String Tightening as a Self-Organizing Phenomenon: Computation of Shortest Homotopic Path, Smooth Path, and Convex Hull

TL;DR

This paper introduces STON, a neural network model that simulates string self-organization to compute shortest paths, smooth paths, and convex hulls, with applications in computational geometry and robotics.

Contribution

The paper presents a novel neural network variant, STON, for solving geometric problems through self-organizing string tightening, demonstrating correctness and practical effectiveness.

Findings

Successfully computes shortest homotopic paths.

Effectively smooths paths to avoid sharp turns.
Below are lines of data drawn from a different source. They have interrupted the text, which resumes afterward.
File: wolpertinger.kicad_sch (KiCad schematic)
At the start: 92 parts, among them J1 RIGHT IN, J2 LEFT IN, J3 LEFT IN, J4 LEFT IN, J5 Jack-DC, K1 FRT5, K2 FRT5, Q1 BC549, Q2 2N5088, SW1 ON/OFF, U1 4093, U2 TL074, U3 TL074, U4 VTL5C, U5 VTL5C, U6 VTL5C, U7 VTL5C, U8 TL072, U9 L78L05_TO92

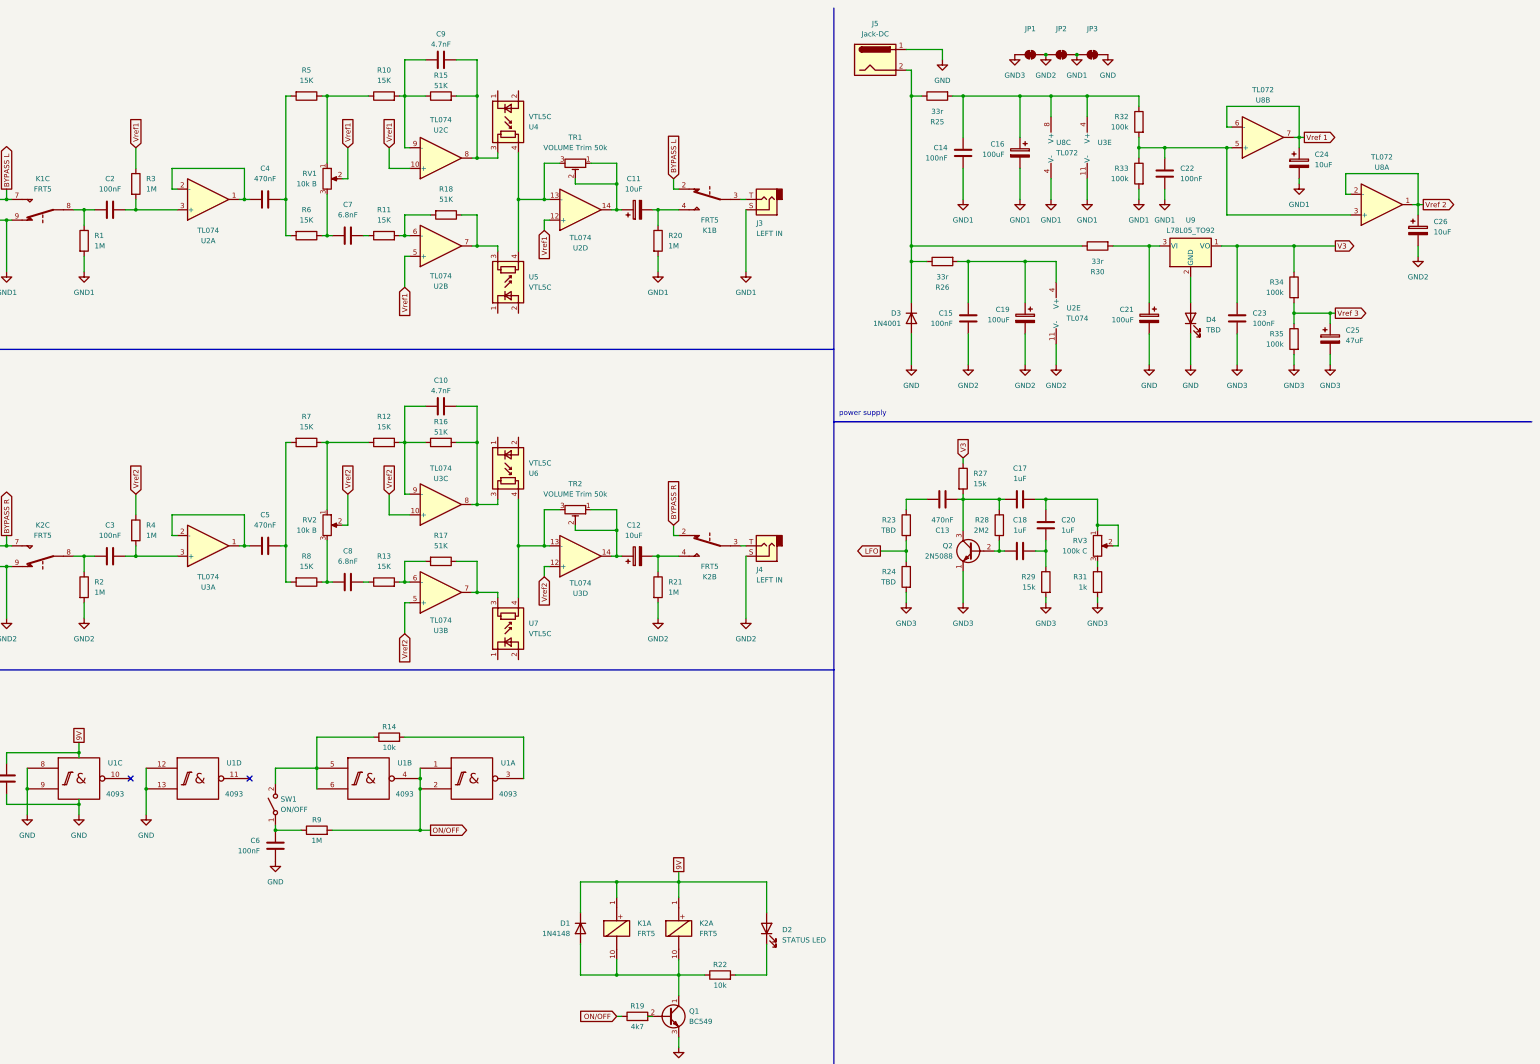
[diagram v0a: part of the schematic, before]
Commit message: cleanup power supply, add lfo voltage offset
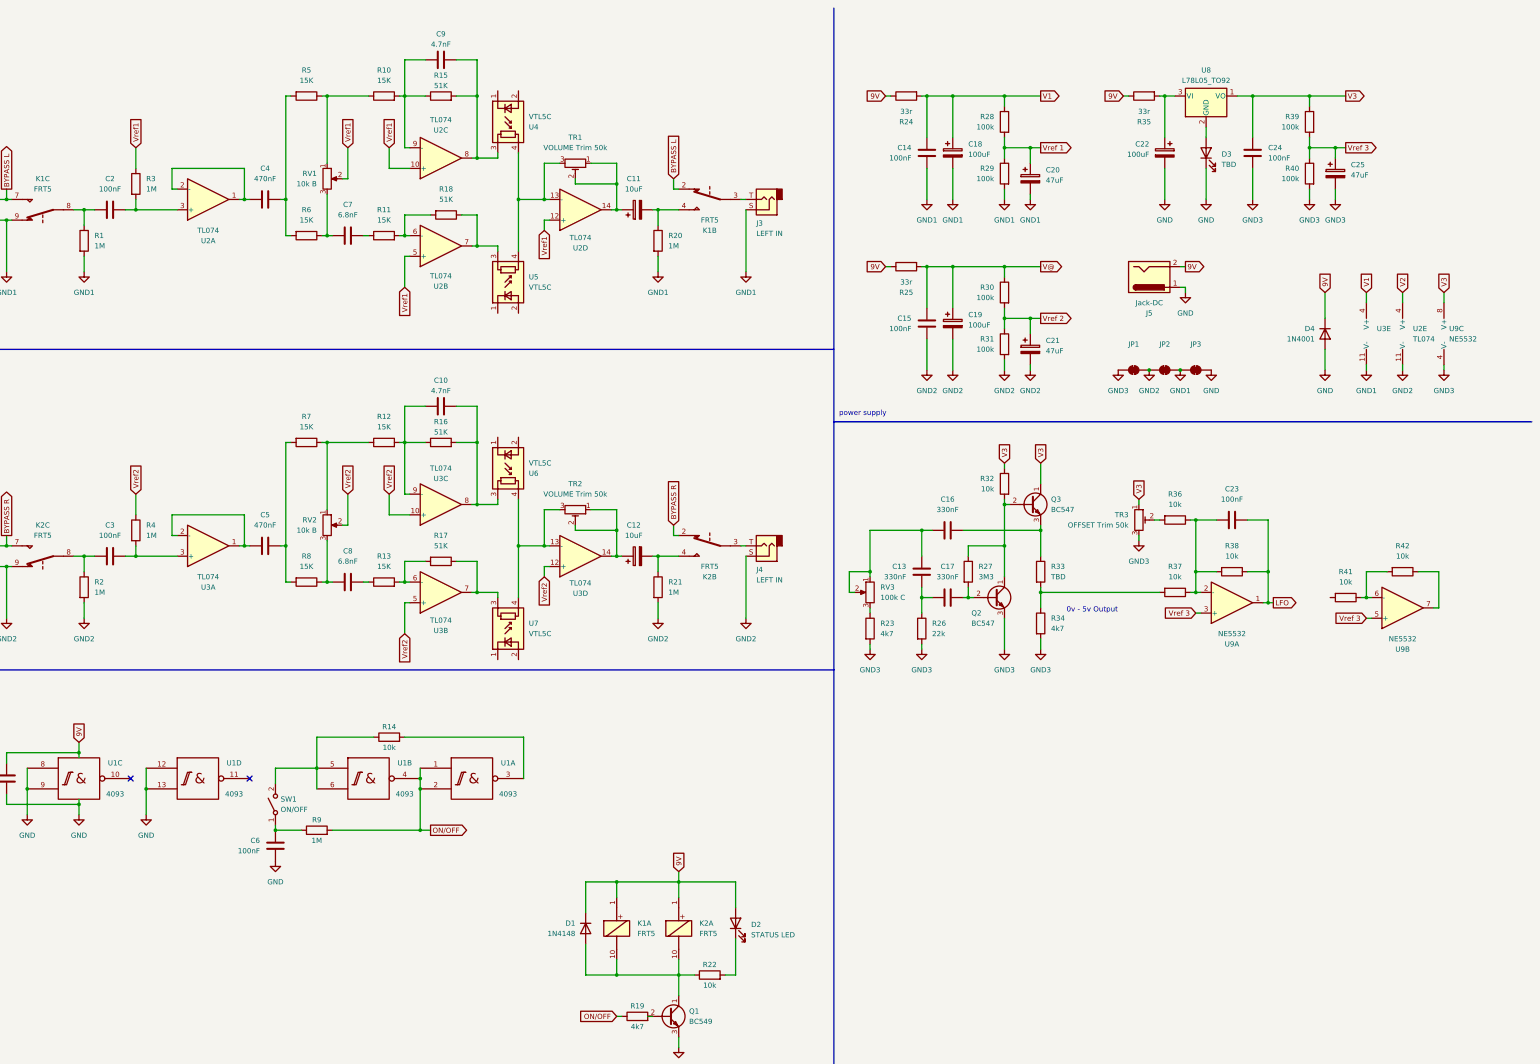
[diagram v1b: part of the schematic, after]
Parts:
- removed C13: 470nF, symbol Device:C
- removed C22: 100nF, symbol Device:C
- removed C26: 10uF, symbol Device:C_Polarized
- removed Q2: 2N5088, Package_TO_SOT_THT:TO-92_Inline, symbol Device:Q_NPN
- removed R26: 33r, Resistor_THT:R_Axial_DIN0207_L6.3mm_D2.5mm_P7.62mm_Horizontal, symbol Device:R
- removed U8: TL072, Package_DIP:DIP-8_W7.62mm_Socket_LongPads, symbol Amplifier_Operational:TL072
- added C21: 47uF, symbol Device:C_Polarized
- added C23: 100nF, symbol Device:C
- added Q2, Q3: BC547, Package_TO_SOT_THT:TO-92_Inline, symbol Transistor_BJT:BC547
- added R25: 33r, Resistor_THT:R_Axial_DIN0207_L6.3mm_D2.5mm_P7.62mm_Horizontal, symbol Device:R
- added R30, R31: 100k, Resistor_THT:R_Axial_DIN0207_L6.3mm_D2.5mm_P7.62mm_Horizontal, symbol Device:R
- added R36, R37, R38, R41, R42: 10k, Resistor_THT:R_Axial_DIN0207_L6.3mm_D2.5mm_P7.62mm_Horizontal, symbol Device:R
- added TR3: OFFSET Trim 50k, symbol Device:R_Potentiometer_Trim
- added U9: NE5532, Package_DIP:DIP-8_W7.62mm_Socket_LongPads, symbol Amplifier_Operational:NE5532
- C13: renamed from C20; value 1uF -> 330nF
- C16: renamed from C17; value 1uF -> 330nF
- C17: renamed from C18; value 1uF -> 330nF
- C20: renamed from C24; value 10uF -> 47uF
- R23: renamed from R31; value 1k -> 4k7
- R26: renamed from R29; value 15k -> 22k
- R27: renamed from R28; value 2M2 -> 3M3
- R32: renamed from R27; value 15k -> 10k
- R34: renamed from R24; value TBD -> 4k7
- renumbered C16 to C18, C21 to C22, C23 to C24, D4 to D3, D3 to D4, R25 to R24, R32 to R28, R33 to R29, R23 to R33, R30 to R35, R34 to R39, R35 to R40, U9 to U8
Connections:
- net GND2: now also C21.2, R31.2
- net GND3: now also Q2.3 (E), TR3.3, U9.4 (V-)
- net LFO: now also C23.1, R38.1, U9.1; no longer R33.2, R34.1
- net V3: now also Q3.1 (C), TR3.1, U9.8 (V+)
- net Vdd: now also D4.1 (K), J5.2, R24.1, R35.1, R25.1
- net Vref 1: now also R28.2, R29.1
- net Vref 2: now also C21.1, R30.2, R31.1
- net Vref 3: now also U9.3 (+), U9.5 (+)
- net at R27.1, R32.2: now also Q2.1 (C), Q3.2 (B); no longer C16.1
- net at C17.1, R27.2: now also Q2.2 (B)
- net V1: now reaches C14.2, C18.1, R24.2, R28.1, U3.4 (V+)
- net at R33.1: now also C16.1, Q3.3 (E)
- net V@: now reaches C15.2, C19.1
- net V@: now also R25.2, R30.1; no longer U2.4 (V+)
- new net: C23.2, R36.1, R37.1, R38.2, U9.2 (-)
- new net: R41.1, R42.2, U9.6 (-)
- new net: R42.1, U9.7
- new net: R33.2, R34.1, R37.2
- new net: R36.2, TR3.2
- new net V2: U2.4 (V+)
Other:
- note added: "0v - 5v Output"
- moved on the sheet: C13, C14, C16, C17, C18, C20, C22, C24, C25, D1, D2, D3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

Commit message: add custom part libary and add mode switch
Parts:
- added D1, D2: BAT42, Diode_THT:D_DO-35_SOD27_P7.62mm_Horizontal, symbol Diode:BAT42
- added J3: EXT LFO, symbol Connector_Audio:AudioJack2_SwitchT
- added R3: 10k, Resistor_THT:R_Axial_DIN0207_L6.3mm_D2.5mm_P7.62mm_Horizontal, symbol Device:R
- added R44, R45: 100r, Resistor_THT:R_Axial_DIN0207_L6.3mm_D2.5mm_P7.62mm_Horizontal, symbol Device:R
- added RV1: 100k B, symbol Device:R_Potentiometer
- added SW2: ~, switches:2P4T.MINI, symbol switches:2P4TMINIROTARY
- added TR4: LO R Trim 5k, symbol Device:R_Potentiometer_Trim
- added TR5: LO L Trim 5k, symbol Device:R_Potentiometer_Trim
- added TR6: HI R Trim 5k, symbol Device:R_Potentiometer_Trim
- added TR7: HI L Trim 5k, symbol Device:R_Potentiometer_Trim
- added U4: NE5532, Package_DIP:DIP-8_W7.62mm_Socket_LongPads, symbol Amplifier_Operational:NE5532
- J4: renamed from J3; value LEFT IN -> LEFT OUT
- J5: renamed from J4; value LEFT IN -> LEFT OUT
- TR3: value OFFSET Trim 50k -> OFFSET Trim 25k
- renumbered D1 to D3, D2 to D4, D3 to D5, D4 to D6, J5 to J6, R9 to R10, R10 to R11, R11 to R12, R12 to R13, R13 to R14, R14 to R15, R41 to R16, R15 to R17, R16 to R18, R17 to R19, R18 to R20, R42 to R21, R19 to R22, R20 to R23, R21 to R24, R22 to R25, R23 to R26, R24 to R27, R25 to R28, R26 to R29, R27 to R30, R28 to R31, R29 to R32, R30 to R33, R31 to R34, R32 to R35, R33 to R36, R34 to R37, R35 to R38, R36 to R39, R3 to R4, R37 to R40, R38 to R41, R39 to R42, R40 to R43, R4 to R5, R5 to R6, R6 to R7, R7 to R8, R8 to R9, RV1 to RV2, RV2 to RV3, RV3 to RV4, U8 to U10, U9 to U5, U4 to U6, U5 to U7, U6 to U8, U7 to U9
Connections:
- net V@ is gone; now on net V2: C15.2, C19.1, R28.2, R33.1
- net GND3: now also U6.1 (-), U7.1 (-), U8.1 (-), U9.1 (-), D2.2 (A), J3.S, U4.4 (V-)
- net LFO: now also J3.TN
- net V3: now also D1.1 (K), SW2.A4 (4), SW2.B3 (3), U4.8 (V+)
- net Vref 3: now also RV1.3
- net loL: now reaches U6.2 (+)
- net loL: now also TR5.3
- net LFO out inv: now reaches R16.2
- net LFO out inv: now also SW2.B2 (2), SW2.B4 (4), U4.6 (-), U4.7
- net LFO out: now reaches R21.1, U5.7
- net LFO out: now also SW2.A1 (1), SW2.A2 (2), SW2.A3 (3), SW2.B1 (1)
- net hiR: now reaches U9.2 (+)
- net hiR: now also TR6.3
- net loR: now reaches U8.2 (+)
- net loR: now also TR4.3
- net hiL: now reaches U7.2 (+)
- net hiL: now also TR7.3
- new net: R45.1, SW2.B (A)
- new net: R45.2, TR6.1, TR6.2
- new net: R44.1, SW2.A
- new net: R44.2, TR4.1, TR4.2
- new net: J3.T, R3.1
- new net: TR7.1, TR7.2
- new net: D1.2 (A), D2.1 (K), R3.2, RV1.1
- new net: RV1.2, U4.5 (+)
- new net: TR5.1, TR5.2
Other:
- moved on the sheet: C10, C11, C12, C2, C3, C4, C5, C7, C8, C9, D3, D4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

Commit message: remove hi and low only mode in favor of simpler switches
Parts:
- removed SW2: ~, switches:2P4T.MINI, symbol switches:2P4TMINIROTARY
- added R29, R36: 100r, Resistor_THT:R_Axial_DIN0207_L6.3mm_D2.5mm_P7.62mm_Horizontal, symbol Device:R
- added SW2: DPDT MONO/STEREO, symbol Switch:SW_DPDT_x2
- added SW3: DPDT HARMONIC/TREMOLO, symbol Switch:SW_DPDT_x2
- renumbered C14 to C13, C15 to C14, C18 to C15, C19 to C16, C20 to C17, C21 to C18, C13 to C19, C16 to C20, C17 to C21, C24 to C23, C25 to C24, C23 to C25, R17 to R16, R18 to R17, R19 to R18, R20 to R19, R16 to R20, R27 to R26, R28 to R27, R26 to R28, R4 to R3, R31 to R30, R32 to R31, R33 to R32, R34 to R33, R29 to R34, R30 to R35, R35 to R37, R36 to R39, R5 to R4, R37 to R40, R39 to R41, R40 to R42, R42 to R43, R43 to R44, R41 to R45, R44 to R46, R45 to R47, R3 to R5, TR5 to TR3, TR7 to TR4, TR3 to TR5, TR4 to TR6, TR6 to TR7, U6 to U5, U7 to U6, U8 to U7, U9 to U8, U5 to U9
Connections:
- net LFO out: now also SW2.3 (C), SW2.4 (A), SW3.3 (C)
- net LFO out inv: now also R47.1, SW2.1 (A), SW2.6 (C), SW3.1 (A)
- net at R46.1: now also SW3.2 (B)
- net at TR4.1, TR4.2: now also R36.2
- net at TR3.1, TR3.2: now also R29.2
- new net: R36.1, SW2.5 (B), SW3.4 (A)
- new net: R29.1, SW3.5 (B)
- new net: SW2.2 (B), SW3.6 (C)
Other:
- note added: "LDR config left"
- note added: "LDR config right"
- note added: "external LFO & LDR driver"
- note added: "onboard LFO"
- moved on the sheet: C19, C20, C21, C25, D1, D2, J3, Q2, Q3, R20, R21, R28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

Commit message: Add in mono to stereo out option
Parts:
- added C4: 10uF, symbol Device:C_Polarized
- renumbered C9 to C10, C10 to C11, C11 to C12, C12 to C13, C13 to C14, C14 to C15, C15 to C16, C16 to C17, C17 to C18, C18 to C19, C19 to C20, C20 to C21, C21 to C22, C22 to C23, C23 to C24, C24 to C25, C25 to C26, C4 to C5, C5 to C6, C6 to C7, C7 to C8, C8 to C9
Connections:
- net MONO IN: now also C4.2
- net at C5.1, U2.1, U2.2 (-): now also C4.1
- no-connect marks 3 -> 6
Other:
- note added: "mono/left channel"
- note removed: "left channel"
- moved on the sheet: R10, R15

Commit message: Add Footprints pt1
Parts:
- RV1, RV2, RV3, RV4: footprint (none) -> potentiometers:16MM_PADS.1
- SW1: footprint (none) -> switches:SPST
- SW2, SW3: footprint (none) -> switches:DPDT
- TR1, TR2, TR3, TR4, TR5, TR6, TR7: footprint (none) -> Potentiometer_THT:Potentiometer_Piher_PT-6-V_Vertical
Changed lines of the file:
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@@
 			)
 		)
-		(property "Footprint" ""
+		(property "Footprint" "switches:DPDT"
 			(at 360.68 214.63 0)
 			(effects
@@
 			)
 		)
-		(property "Footprint" ""
+		(property "Footprint" "switches:SPST"
 			(at 99.06 208.28 0)
 			(effects
@@
 			)
 		)
-		(property "Footprint" ""
+		(property "Footprint" "Potentiometer_THT:Potentiometer_Piher_PT-6-V_Vertical"
 			(at 172.72 132.08 0)
 			(effects
@@
 			)
 		)
-		(property "Footprint" ""
+		(property "Footprint" "switches:DPDT"
 			(at 298.45 201.93 0)
 			(effects
@@
 			)
 		)
-		(property "Footprint" ""
+		(property "Footprint" "potentiometers:16MM_PADS.1"
 			(at 271.78 156.21 0)
 			(effects
@@
 			)
 		)
-		(property "Footprint" ""
+		(property "Footprint" "Potentiometer_THT:Potentiometer_Piher_PT-6-V_Vertical"
 			(at 388.62 236.22 0)
 			(effects
@@
 			)
 		)
-		(property "Footprint" ""
+		(property "Footprint" "Potentiometer_THT:Potentiometer_Piher_PT-6-V_Vertical"
 			(at 298.45 236.22 0)
 			(effects
@@
 			)
 		)
-		(property "Footprint" ""
+		(property "Footprint" "potentiometers:16MM_PADS.1"
 			(at 99.06 265.43 0)
 			(effects
@@
 			)
 		)
-		(property "Footprint" ""
+		(property "Footprint" "switches:DPDT"
 			(at 271.78 201.93 0)
 			(effects
@@
 			)
 		)
-		(property "Footprint" ""
+		(property "Footprint" "potentiometers:16MM_PADS.1"
 			(at 111.76 50.8 0)
 			(effects
@@
 			)
 		)
-		(property "Footprint" ""
+		(property "Footprint" "Potentiometer_THT:Potentiometer_Piher_PT-6-V_Vertical"
 			(at 360.68 236.22 0)
 			(effects
@@
 			)
 		)
-		(property "Footprint" ""
+		(property "Footprint" "potentiometers:16MM_PADS.1"
 			(at 111.76 135.89 0)
 			(effects
@@
 			)
 		)
-		(property "Footprint" ""
+		(property "Footprint" "Potentiometer_THT:Potentiometer_Piher_PT-6-V_Vertical"
 			(at 337.82 138.43 0)
 			(effects
@@
 			)
 		)
-		(property "Footprint" ""
+		(property "Footprint" "switches:DPDT"
 			(at 274.32 214.63 0)
 			(effects
@@
 			)
 		)
-		(property "Footprint" ""
+		(property "Footprint" "Potentiometer_THT:Potentiometer_Piher_PT-6-V_Vertical"
 			(at 172.72 46.99 0)
 			(effects
@@
 			)
 		)
-		(property "Footprint" ""
+		(property "Footprint" "Potentiometer_THT:Potentiometer_Piher_PT-6-V_Vertical"
 			(at 274.32 236.22 0)
 			(effects

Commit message: Add DC Jk Footprint
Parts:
- J6: footprint (none) -> jacks:BATTERY
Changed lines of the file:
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@@
 			)
 		)
-		(property "Footprint" ""
+		(property "Footprint" "jacks:BATTERY"
 			(at 314.96 77.724 0)
 			(effects

Converges to minimal string length in practical experiments.

Abstract

The phenomenon of self-organization has been of special interest to the neural network community for decades. In this paper, we study a variant of the Self-Organizing Map (SOM) that models the phenomenon of self-organization of the particles forming a string when the string is tightened from one or both ends. The proposed variant, called the String Tightening Self-Organizing Neural Network (STON), can be used to solve certain practical problems, such as computation of shortest homotopic paths, smoothing paths to avoid sharp turns, and computation of convex hull. These problems are of considerable interest in computational geometry, robotics path planning, AI (diagrammatic reasoning), VLSI routing, and geographical information systems. Given a set of obstacles and a string with two fixed terminal points in a two dimensional space, the STON model continuously tightens the given string until the unique shortest configuration in terms of the Euclidean metric is reached. The STON minimizes the total length of a string on convergence by dynamically creating and selecting feature vectors in a competitive manner. Proof of correctness of this anytime algorithm and experimental results obtained by its deployment are presented in the paper.